How do I reverse this function? F(a, b, c, d) = (ac, ad, bc, bd) Suppose I have a function that operates on 4 real numbers a, b, c, d in this way:

F(a, b, c, d) = (ac, ad, bc, bd)

Is there such a function F' that reverses the effect of this function? In other words, a function whose output I can plug into F and receive the original input. If so, how is it defined?

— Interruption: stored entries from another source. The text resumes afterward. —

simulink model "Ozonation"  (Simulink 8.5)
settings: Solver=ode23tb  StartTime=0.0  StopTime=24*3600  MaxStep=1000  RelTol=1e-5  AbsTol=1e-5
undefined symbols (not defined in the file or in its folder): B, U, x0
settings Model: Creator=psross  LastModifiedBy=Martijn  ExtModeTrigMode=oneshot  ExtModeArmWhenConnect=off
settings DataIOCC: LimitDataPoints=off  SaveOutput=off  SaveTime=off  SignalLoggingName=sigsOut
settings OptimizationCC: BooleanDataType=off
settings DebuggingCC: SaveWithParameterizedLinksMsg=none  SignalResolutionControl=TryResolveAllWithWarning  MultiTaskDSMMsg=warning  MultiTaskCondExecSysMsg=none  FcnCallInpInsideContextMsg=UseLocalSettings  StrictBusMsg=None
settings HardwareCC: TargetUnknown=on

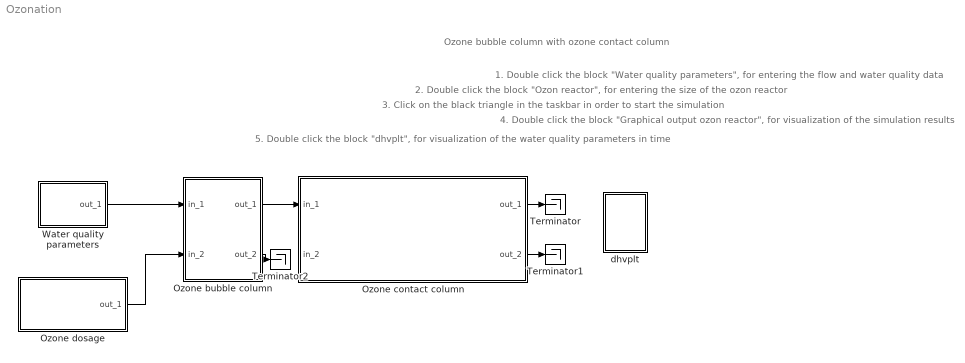
== system Ozonation ==
  note: 1. Double click the block "Water quality parameters", for entering the flow and water quality data
  note: 2. Double click the block "Ozon reactor", for entering the size of the ozon reactor
  note: 3. Click on the black triangle in the taskbar in order to start the simulation
  note: 4. Double click the block "Graphical output ozon reactor", for visualization of the simulation results
  note: Ozone bubble column with ozone contact column
  note: 5. Double click the block "dhvplt", for visualization of the water quality parameters in time
  Ozone bubble column : Subsystem
      mask init:
      | filenaam='./StimelaData/ozon_reactor_BC.mat';
      | 
      | [Pn,Fn,Fext]=Fileprop(filenaam);
      | 
      | errstr = st_UniqName(filenaam,'filenaam=''','SubSystem','OpenFcn');
      | if errstr, error([errstr 'The filename "' filenaam '" is already in use. Choose a different filename.']), end
      | 
      | P = ozonox_p(filenaam);
      | [B,x0,U]=ozonox_i(filenaam);
      settings: OpenFcn=|
      | filenaam='./StimelaData/ozon_reactor_BC.mat';
      | st_ParameterInput('init',gcb,filenaam,'ozonox');
      mask Display:
      | plot(0,0,100,100,[80,80,20,20],[80,20,20,80],[30,70,70,30,30],[31,31,29,29,31],[35,35],[38,35],[35,35],[48,45],[35,35],[58,55],[35,35],[68,65],[40,40],[41,38],[40,40],[51,48],[40,40],[61,58],[40,40],[71,68],[45,45],[34,31],[45,45],[44,41],[45,45],[54,51],[45,45],[64,61],[45,45],[74,71],[50,50],[38,35],[50,50],[48,45],[50,50],[58,55],[50,50],[68,65],[55,55],[41,38],[55,55],[51,48],[55,55],[61,58],[55,55],[71,68],[60,60],[34,31],[60,60],[44,41],[60,60],[54,51],[60,60],[64,61],[60,60],[74,71],[65,65],[38,35],[65,65],[48,45],[65,65],[58,55],[65,65],[68,65])
      | disp('')
      | text(50,50,'ozonox', 'horizontalAlignment', 'center', 'verticalAlignment', 'middle');
      | text(50,0,Fn, 'horizontalAlignment', 'center', 'verticalAlignment', 'base');
  Ozone contact column : Subsystem
      mask init:
      | filenaam='./StimelaData/ozon_reactor_CC.mat';
      | 
      | [Pn,Fn,Fext]=Fileprop(filenaam);
      | 
      | errstr = st_UniqName(filenaam,'filenaam=''','SubSystem','OpenFcn');
      | if errstr, error([errstr 'The filename "' filenaam '" is already in use. Choose a different filename.']), end
      | 
      | P = ozoncc_p(filenaam);
      | [B,x0,U]=ozoncc_i(filenaam);
      settings: OpenFcn=|
      | filenaam='./StimelaData/ozon_reactor_CC.mat';
      | st_ParameterInput('init',gcb,filenaam,'ozoncc');
      mask Display:
      | plot(0,0,100,100,[80,80,20,20],[80,20,20,80],[30,70,70,30,30],[31,31,29,29,31],[35,35],[38,35],[35,35],[48,45],[35,35],[58,55],[35,35],[68,65],[40,40],[41,38],[40,40],[51,48],[40,40],[61,58],[40,40],[71,68],[45,45],[34,31],[45,45],[44,41],[45,45],[54,51],[45,45],[64,61],[45,45],[74,71],[50,50],[38,35],[50,50],[48,45],[50,50],[58,55],[50,50],[68,65],[55,55],[41,38],[55,55],[51,48],[55,55],[61,58],[55,55],[71,68],[60,60],[34,31],[60,60],[44,41],[60,60],[54,51],[60,60],[64,61],[60,60],[74,71],[65,65],[38,35],[65,65],[48,45],[65,65],[58,55],[65,65],[68,65])
      | disp('')
      | text(50,50,'ozoncc', 'horizontalAlignment', 'center', 'verticalAlignment', 'middle');
      | text(50,0,Fn, 'horizontalAlignment', 'center', 'verticalAlignment', 'base');
  Ozone dosage : Subsystem  Description=ozodo1
      mask init:
      | filenaam='./StimelaData/ozon_reactor_OD.mat';
      | 
      | [Pn,Fn,Fext]=Fileprop(filenaam);
      | 
      | errstr = st_UniqName(filenaam,'filenaam=''','SubSystem','OpenFcn');
      | if errstr, error([errstr 'The filename "' filenaam '" is already in use. Choose a different filename.']), end
      | 
      | P = ozodo1_p(filenaam);
      | [B,x0,U]=ozodo1_i(filenaam);
      settings: OpenFcn=|
      | filenaam='./StimelaData/ozon_reactor_OD.mat';
      | st_ParameterInput('init',gcb,filenaam,'ozodo1');
      mask Display:
      | plot(0,0,100,100,[90,10],[10,10],[90,10],[30,30],[45,55,55,65,50,35,45,45],[90,90,50,50,30,50,50,90]);
      | disp('')
      | text(50,50,'ozodo1', 'horizontalAlignment', 'center', 'verticalAlignment', 'middle');
      | text(50,0,Fn, 'horizontalAlignment', 'center', 'verticalAlignment', 'base');
  Terminator : Terminator
  Terminator1 : Terminator
  Terminator2 : Terminator
  Water quality parameters : Subsystem  Description=The water flow and the water quality data must be filled out in the 'Water quality parameters' block. Each project must start with a 'Water quality parameters' block.
      mask init:
      | filenaam='./StimelaData/Water_qual_param.mat';
      | 
      | [Pn,Fn,Fext]=Fileprop(filenaam);
      | 
      | errstr = st_UniqName(filenaam,'filenaam=''','SubSystem','OpenFcn');
      | if errstr, error([errstr 'The filename "' filenaam '" is already in use. Choose a different filename.']), end
      | 
      | P = invruw_p(filenaam);
      | [B,x0,U]=invruw_i(filenaam);
      settings: OpenFcn=|
      | filenaam='./StimelaData/Water_qual_param.mat';
      | st_ParameterInput('init',gcb,filenaam,'invruw');
      mask Display:
      | plot(0,0,100,100,[80 100],[ 50 50],[80 100],[ 55 55],[20 80 80 20 20],[10 10 90  90 10]);
      | disp('')
      | text(50,50,'invruw', 'horizontalAlignment', 'center', 'verticalAlignment', 'middle');
      | text(50,0,Fn, 'horizontalAlignment', 'center', 'verticalAlignment', 'base');
  dhvplt : Subsystem
      settings: OpenFcn=plotStimela2
      mask Display:
      | plot(0,0,100,100,[80,20,20],[20,20,80],[80,69,60,52,45,39,33,28,24,20],[65,65,64,61,57,52,45,37,30,20])
      | disp('');
      | text(100,100,'Stimela', 'horizontalAlignment', 'right', 'verticalAlignment', 'top');
  wires:
  Water quality parameters/1(out_1) -> Ozone bubble column/1(in_1)
  Ozone dosage/1(out_1) -> Ozone bubble column/2(in_2)
  Ozone bubble column/1(out_1) -> Ozone contact column/1(in_1)
  Ozone contact column/1(out_1) -> Terminator/1
  Ozone contact column/2(out_2) -> Terminator1/1
  Ozone bubble column/2(out_2) -> Terminator2/1

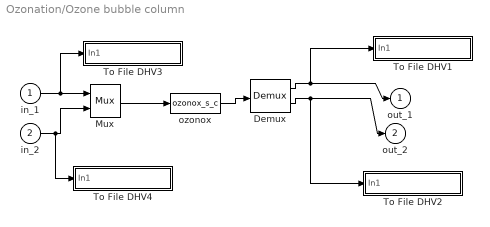
== system Ozonation/Ozone bubble column ==
  in_1 : Inport
  in_2 : Inport  Port=2
  Demux : Demux  Outputs=[U.Number B.Measurements]
  Mux : Mux  Inputs=[U.Number B.Setpoints]
  To File DHV1 : Subsystem  mask(To File DHV){naam=[filenaam(1:length(filenaam)-4) '_out.sti']}
      mask prompts: naam "Naam van bestand"
      mask init:
      | set_param([gcb '/To File'],'Filename',naam);
      mask Display: disp(naam)
  To File DHV2 : Subsystem  mask(To File DHV){naam=[filenaam(1:length(filenaam)-4) '_EM.sti']}
      mask prompts: naam "Naam van bestand"
      mask init:
      | set_param([gcb '/To File'],'Filename',naam);
      mask Display: disp(naam)
  To File DHV3 : Subsystem  mask(To File DHV){naam=[filenaam(1:length(filenaam)-4) '_in.sti']}
      mask prompts: naam "Naam van bestand"
      mask init:
      | set_param([gcb '/To File'],'Filename',naam);
      mask Display: disp(naam)
  To File DHV4 : Subsystem  mask(To File DHV){naam=[filenaam(1:length(filenaam)-4) '_ES.sti']}
      mask prompts: naam "Naam van bestand"
      mask init:
      | set_param([gcb '/To File'],'Filename',naam);
      mask Display: disp(naam)
  ozonox : S-Function  FunctionName=ozonox_s_c  Parameters=B,x0,U,P
  out_1 : Outport  InitialOutput=0
  out_2 : Outport  Port=2  InitialOutput=0
  wires:
  Demux/2 -> out_2/1, To File DHV2/1(In1)
  Demux/1 -> out_1/1, To File DHV1/1(In1)
  ozonox/1 -> Demux/1
  in_1/1 -> Mux/1, To File DHV3/1(In1)
  Mux/1 -> ozonox/1
  in_2/1 -> Mux/2, To File DHV4/1(In1)

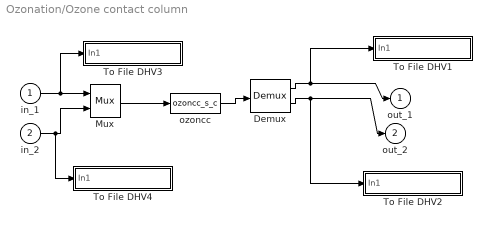
== system Ozonation/Ozone contact column ==
  in_1 : Inport
  in_2 : Inport  Port=2
  Demux : Demux  Outputs=[U.Number B.Measurements]
  Mux : Mux  Inputs=[U.Number B.Setpoints]
  To File DHV1 : Subsystem  mask(To File DHV){naam=[filenaam(1:length(filenaam)-4) '_out.sti']}
      mask prompts: naam "Naam van bestand"
      mask init:
      | set_param([gcb '/To File'],'Filename',naam);
      mask Display: disp(naam)
  To File DHV2 : Subsystem  mask(To File DHV){naam=[filenaam(1:length(filenaam)-4) '_EM.sti']}
      mask prompts: naam "Naam van bestand"
      mask init:
      | set_param([gcb '/To File'],'Filename',naam);
      mask Display: disp(naam)
  To File DHV3 : Subsystem  mask(To File DHV){naam=[filenaam(1:length(filenaam)-4) '_in.sti']}
      mask prompts: naam "Naam van bestand"
      mask init:
      | set_param([gcb '/To File'],'Filename',naam);
      mask Display: disp(naam)
  To File DHV4 : Subsystem  mask(To File DHV){naam=[filenaam(1:length(filenaam)-4) '_ES.sti']}
      mask prompts: naam "Naam van bestand"
      mask init:
      | set_param([gcb '/To File'],'Filename',naam);
      mask Display: disp(naam)
  ozoncc : S-Function  FunctionName=ozoncc_s_c  Parameters=B,x0,U,P
  out_1 : Outport  InitialOutput=0
  out_2 : Outport  Port=2  InitialOutput=0
  wires:
  Demux/2 -> out_2/1, To File DHV2/1(In1)
  Demux/1 -> out_1/1, To File DHV1/1(In1)
  ozoncc/1 -> Demux/1
  in_1/1 -> Mux/1, To File DHV3/1(In1)
  Mux/1 -> ozoncc/1
  in_2/1 -> Mux/2, To File DHV4/1(In1)

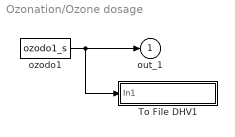
== system Ozonation/Ozone dosage ==
  To File DHV1 : Subsystem  mask(To File DHV){naam=[filenaam(1:length(filenaam)-4) '_out.sti']}
      mask prompts: naam "Naam van bestand"
      mask init:
      | set_param([gcb '/To File'],'Filename',naam);
      mask Display: disp(naam)
  ozodo1 : S-Function  FunctionName=ozodo1_s  Parameters=B,x0,U,P
  out_1 : Outport  InitialOutput=0
  wires:
  ozodo1/1 -> out_1/1, To File DHV1/1(In1)

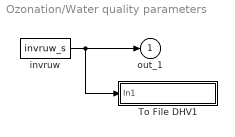
== system Ozonation/Water quality parameters ==
  To File DHV1 : Subsystem  mask(To File DHV){naam=[filenaam(1:length(filenaam)-4) '_out.sti']}
      mask prompts: naam "Naam van bestand"
      mask init:
      | set_param([gcb '/To File'],'Filename',naam);
      mask Display: disp(naam)
  invruw : S-Function  FunctionName=invruw_s  Parameters=B,x0,U,P
  out_1 : Outport  InitialOutput=0
  wires:
  invruw/1 -> out_1/1, To File DHV1/1(In1)

== system Ozonation/dhvplt ==
  note: plotten

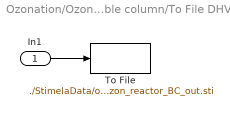
== system Ozonation/Ozone bubble column/To File DHV1 ==
  In1 : Inport
  To File : ToFile  Filename=./StimelaData/ozon_reactor_BC_out.sti  MatrixName=ozonoxout
  wires:
  In1/1 -> To File/1

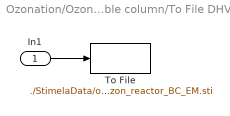
== system Ozonation/Ozone bubble column/To File DHV2 ==
  In1 : Inport
  To File : ToFile  Filename=./StimelaData/ozon_reactor_BC_EM.sti  MatrixName=ozonoxEM
  wires:
  In1/1 -> To File/1

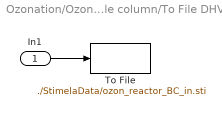
== system Ozonation/Ozone bubble column/To File DHV3 ==
  In1 : Inport
  To File : ToFile  Filename=./StimelaData/ozon_reactor_BC_in.sti  MatrixName=ozonoxin
  wires:
  In1/1 -> To File/1

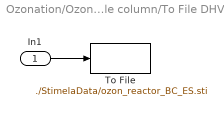
== system Ozonation/Ozone bubble column/To File DHV4 ==
  In1 : Inport
  To File : ToFile  Filename=./StimelaData/ozon_reactor_BC_ES.sti  MatrixName=ozonoxES
  wires:
  In1/1 -> To File/1

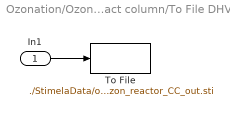
== system Ozonation/Ozone contact column/To File DHV1 ==
  In1 : Inport
  To File : ToFile  Filename=./StimelaData/ozon_reactor_CC_out.sti  MatrixName=ozonccout
  wires:
  In1/1 -> To File/1

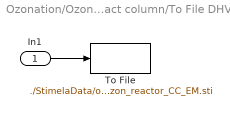
== system Ozonation/Ozone contact column/To File DHV2 ==
  In1 : Inport
  To File : ToFile  Filename=./StimelaData/ozon_reactor_CC_EM.sti  MatrixName=ozonccEM
  wires:
  In1/1 -> To File/1

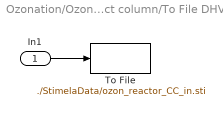
== system Ozonation/Ozone contact column/To File DHV3 ==
  In1 : Inport
  To File : ToFile  Filename=./StimelaData/ozon_reactor_CC_in.sti  MatrixName=ozonccin
  wires:
  In1/1 -> To File/1

== system Ozonation/Ozone contact column/To File DHV4 ==
  In1 : Inport
  To File : ToFile  Filename=./StimelaData/ozon_reactor_CC_ES.sti  MatrixName=ozonccES
  wires:
  In1/1 -> To File/1

== system Ozonation/Ozone dosage/To File DHV1 ==
  In1 : Inport
  To File : ToFile  Filename=./StimelaData/ozon_reactor_OD_out.sti  MatrixName=ozodo1out
  wires:
  In1/1 -> To File/1

== system Ozonation/Water quality parameters/To File DHV1 ==
  In1 : Inport
  To File : ToFile  Filename=./StimelaData/Water_qual_param_out.sti  MatrixName=invruwout
  wires:
  In1/1 -> To File/1

F'(a, b, c, d) = (?, ?, ?, ?)

Follow up: does F' have exactly one output for all possible inputs?
 A: No, there’s no inverse function. To see this, notice that $$F(1,1,1,1)=F(2,2,\frac{1}{2},\frac{1}{2})=(1,1,1,1).$$
A: One could write it in a matrix-notation to see the ambiguity for the inverse function, say $G()$. First we define:
$$ F(a,b,c,d)= \begin{matrix} 
  &&                \begin{bmatrix} c & d \end{bmatrix}\\
  &\times & \\
  \begin{bmatrix} a \\ b \end{bmatrix} 
     &=& \begin{bmatrix} ac & ad \\ bc & bd \end{bmatrix}
 \end{matrix} \implies (ac,bc,ad,bd)
$$
(Btw. we can see, that the determinant of the involved $4\times 4$-matrix is zero, so the inverse process should be indeterminate at least) 
The inverse function should reproduce from the $4\times 4$ matrix the two $1\times 2$ matrices, but this is underdetermined. We can easily assume $a=1$ to find a valid solution
$$ G(ac,bc,ad,bd)=
 \begin{matrix}
        & &\begin{bmatrix} ac & ad \end{bmatrix} \\ 
     & \times & \\
   \begin{bmatrix} 1 \\ b/a \end{bmatrix}    & =  &\begin{bmatrix}  ac & ad \\ bc & bd \end{bmatrix} 
 \end{matrix} \implies (1,b/a,ac,ad)
$$
A: If $F(a,b,c,d) = (w,x,y,z)$, note that $wz=xy$.  On the other hand, if $wz=xy$ and $z \ne 0$ then $a=x, b=z, c=y/z, d=1$ works.